Slotermeer is bordered to the north by the Haarlemmerweg and to the south by the Sloterplas (a lake) and Sloterpark, as well as Sportpark Ookmeer. The eastern boundary is the Ringspoorbaan, the western boundary the Eendrachtspark and Geuzeneiland (a small island). At the heart of the neighbourhood is the Gerbrandypark.

The neighbourhood consists of a mixture of low, medium, and high-rise buildings and was fully built up by the mid-1960s. Many streets are named after World War II resistance fighters, mayors of Amsterdam and Dutch writers from the nineteenth and early twentieth centuries. Plein '40-'45 (the town square) and the south side of the Burgemeester de Vlugtlaan and the west side of the Slotermeerlaan form the centre of the neighbourhood, featuring an indoor mall, shops, a local market, the Vrijheidscarillon, the Garden City House (an office building), hotels, offices and a small harbour.

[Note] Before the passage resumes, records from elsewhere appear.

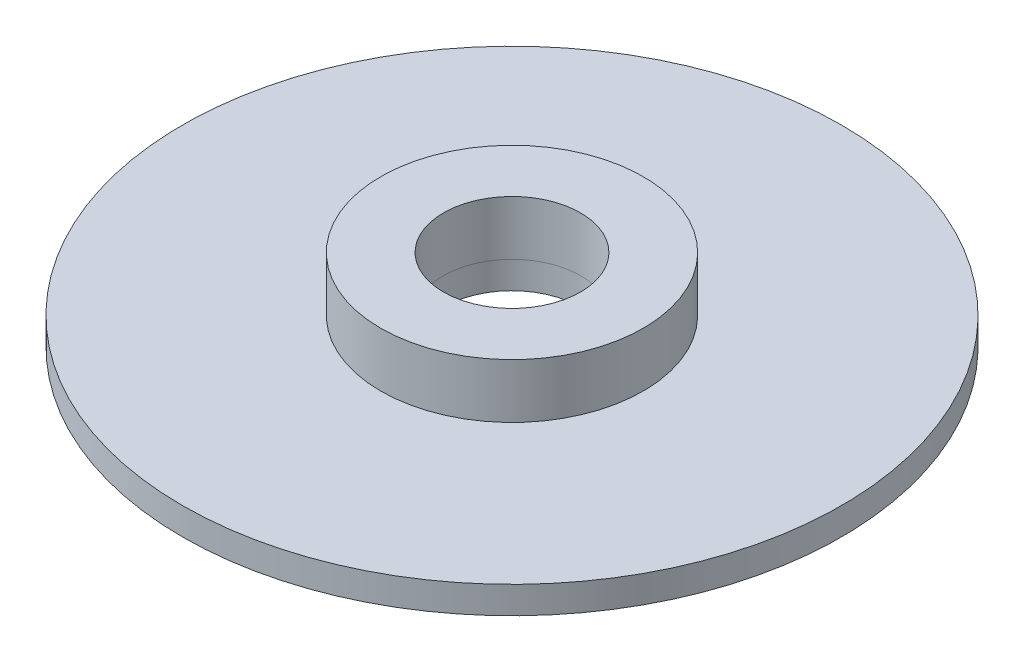
SolidWorks part; units mm, degrees
material "6061 Alloy"
ref_plane "Front Plane" through (0, 0, 0) normal (0, 0, 1) x (1, 0, 0)
ref_plane "Top Plane" through (0, 0, 0) normal (0, 1, 0) x (1, 0, 0)
ref_plane "Right Plane" through (0, 0, 0) normal (1, 0, 0) x (0, 0, -1)
sketch "Sketch1" plane through (0, 1054.464, 0) normal (0, 1, 0) x (-1, 0, 0)
  circle A0 centre (1.2041, -633.1149) radius 38.45
  circle A2 centre (1.3649, -632.8302) radius 38.45 construction
  circle A3 centre (10.3365, -639.9883) radius 1.8542 construction
  circle A4 centre (-2.5108, -643.9243) radius 1.8542 construction
  circle A5 centre (-10.2243, -632.9221) radius 1.8542 construction
  circle A6 centre (10.5632, -626.5534) radius 1.8542 construction
  circle A7 centre (-2.1441, -622.1863) radius 1.8542 construction
  circle A8 centre (1.2041, -633.1149) radius 8.001
  circle A9 centre (10.3365, -639.9883) radius 1.8542
  circle A10 centre (-2.5108, -643.9243) radius 1.8542
  circle A11 centre (-10.2243, -632.9221) radius 1.8542
  circle A12 centre (10.5632, -626.5534) radius 1.8542
  circle A13 centre (-2.1441, -622.1863) radius 1.8542
  dimension "D1" = 16.002
extrude "Boss-Extrude1" add sketch "Sketch1" against normal blind 3.175
sketch "Sketch2" plane through (0, 1054.464, 0) normal (0, 1, 0) x (1, 0, 0)
  circle A0 centre (-1.2041, 633.1149) radius 8.001
  circle A1 centre (-1.2041, 633.1149) radius 15.3187
extrude "Boss-Extrude2" add sketch "Sketch2" along normal blind 6.35 separate body

The first few years, Slotermeer had a tram connection to the city centre with a stop along the Amsterdam - Zandvoort tram network. On 1 September 1957, the tram was replaced by a bus service. In September 1954, tramway 13 was the first Amsterdam tramway to be extended beyond the Ringspoor dyke from Bos en Lommerplein to Slotermeer. The tram got its last stop at the end of the Slotermeerlaan (an avenue), near Sloterpark. In 1974, tramway 13 was extended to Geuzenveld and the last section to Sloterplas was cancelled. In 1989, tramway 13 was relocated to the new route via the Jan van Galenstraat - Burgemeester Röellstraat. The old route then became part of tramway 14, until 22 July 2018 when tramway 14 was cancelled. Since 2004, tramway 7 has also been added.

When stadsdelen (borough) were established in 1990, the neighbourhood became part of Geuzenveld-Slotermeer. Since 2010, it has been part of the stadsdeel Amsterdam Nieuw-West.

== Urban renewal ==
With the approval of the Renewal Plan, the urban renewal of Slotermeer began in 2003. This plan was part of the major urban renewal project launched by Bureau Parkstad covering all of the Westelijke Tuinsteden.

One of the most striking projects is the major renovation of the Grote en Kleine Verfdoos, two colourful apartment buildings with shops on the Slotermeerlaan and Lodewijk van Deysselstraat. These buildings from 1954, designed by Allert Warners, were renovated in 2010 to a design by Van Schagen Architects. A second renovation project is the school building De Kans by architect Rowin Petersma. This school is a defining Amsterdam "H-school" (a H-shaped school), of which four of the nine schools of this type that were built are located in Slotermeer. Another H-school, the Slootermeerschool at the Burgemeester Fockstraat 85, is a protected monument and is on the top-100 list of post-war heritage for Amsterdam.

Other projects include the renovation of the buildings on the Confuciusplein (a plaza) by architect Erna van Sambeek, new residential buildings by Margreet Duinker in the Socratesstraat and the new construction of a Multifunctional Centre called the De Honingraat (the honeycomb) on Slotermeerlaan by Dick van Gameren. In the development of new buildings on the Bernard Loderstraat, residents had an important say in the subdivision and design of the buildings.